(Excerpts from a dataset)
______
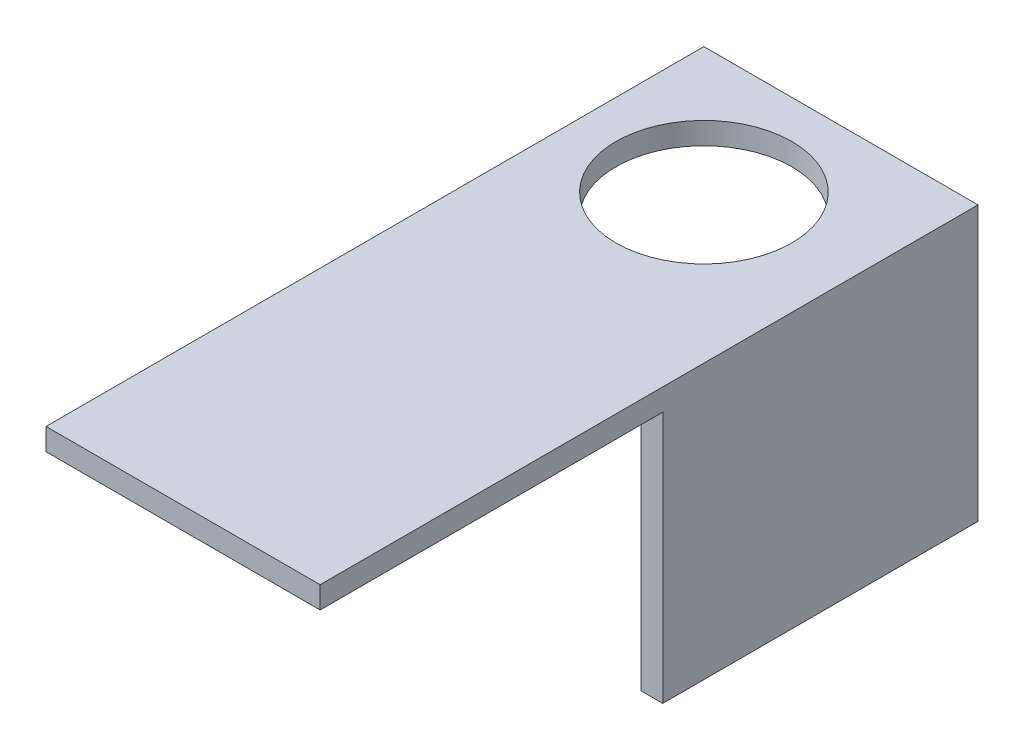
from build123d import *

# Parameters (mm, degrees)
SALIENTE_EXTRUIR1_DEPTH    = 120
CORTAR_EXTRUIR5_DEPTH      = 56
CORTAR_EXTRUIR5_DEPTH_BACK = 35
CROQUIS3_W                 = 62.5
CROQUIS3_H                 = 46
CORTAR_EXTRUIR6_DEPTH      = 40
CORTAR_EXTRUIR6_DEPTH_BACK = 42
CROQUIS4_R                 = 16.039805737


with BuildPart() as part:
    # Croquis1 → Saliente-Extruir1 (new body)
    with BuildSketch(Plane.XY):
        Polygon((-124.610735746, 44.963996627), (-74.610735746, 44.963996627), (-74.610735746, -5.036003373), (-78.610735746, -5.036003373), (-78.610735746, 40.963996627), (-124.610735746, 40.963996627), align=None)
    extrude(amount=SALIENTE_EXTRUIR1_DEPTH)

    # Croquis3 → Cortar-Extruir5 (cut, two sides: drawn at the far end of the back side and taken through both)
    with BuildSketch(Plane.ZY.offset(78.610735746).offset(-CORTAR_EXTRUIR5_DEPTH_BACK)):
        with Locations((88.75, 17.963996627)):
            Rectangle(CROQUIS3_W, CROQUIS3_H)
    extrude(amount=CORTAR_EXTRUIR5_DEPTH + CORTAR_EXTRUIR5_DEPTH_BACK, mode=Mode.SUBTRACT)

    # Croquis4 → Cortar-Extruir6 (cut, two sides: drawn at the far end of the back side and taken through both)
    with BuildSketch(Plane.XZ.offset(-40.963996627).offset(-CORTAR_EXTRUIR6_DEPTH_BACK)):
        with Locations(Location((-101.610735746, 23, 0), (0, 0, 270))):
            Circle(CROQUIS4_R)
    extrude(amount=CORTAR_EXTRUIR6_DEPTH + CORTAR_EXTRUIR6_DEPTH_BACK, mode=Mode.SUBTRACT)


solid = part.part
______
> [Directions] Please copy the data above exactly, omitting the pictures.

> [Task result]
from build123d import *

# Parameters (mm, degrees)
SALIENTE_EXTRUIR1_DEPTH    = 120
CORTAR_EXTRUIR5_DEPTH      = 56
CORTAR_EXTRUIR5_DEPTH_BACK = 35
CROQUIS3_W                 = 62.5
CROQUIS3_H                 = 46
CORTAR_EXTRUIR6_DEPTH      = 40
CORTAR_EXTRUIR6_DEPTH_BACK = 42
CROQUIS4_R                 = 16.039805737


with BuildPart() as part:
    # Croquis1 → Saliente-Extruir1 (new body)
    with BuildSketch(Plane.XY):
        Polygon((-124.610735746, 44.963996627), (-74.610735746, 44.963996627), (-74.610735746, -5.036003373), (-78.610735746, -5.036003373), (-78.610735746, 40.963996627), (-124.610735746, 40.963996627), align=None)
    extrude(amount=SALIENTE_EXTRUIR1_DEPTH)

    # Croquis3 → Cortar-Extruir5 (cut, two sides: drawn at the far end of the back side and taken through both)
    with BuildSketch(Plane.ZY.offset(78.610735746).offset(-CORTAR_EXTRUIR5_DEPTH_BACK)):
        with Locations((88.75, 17.963996627)):
            Rectangle(CROQUIS3_W, CROQUIS3_H)
    extrude(amount=CORTAR_EXTRUIR5_DEPTH + CORTAR_EXTRUIR5_DEPTH_BACK, mode=Mode.SUBTRACT)

    # Croquis4 → Cortar-Extruir6 (cut, two sides: drawn at the far end of the back side and taken through both)
    with BuildSketch(Plane.XZ.offset(-40.963996627).offset(-CORTAR_EXTRUIR6_DEPTH_BACK)):
        with Locations(Location((-101.610735746, 23, 0), (0, 0, 270))):
            Circle(CROQUIS4_R)
    extrude(amount=CORTAR_EXTRUIR6_DEPTH + CORTAR_EXTRUIR6_DEPTH_BACK, mode=Mode.SUBTRACT)


solid = part.part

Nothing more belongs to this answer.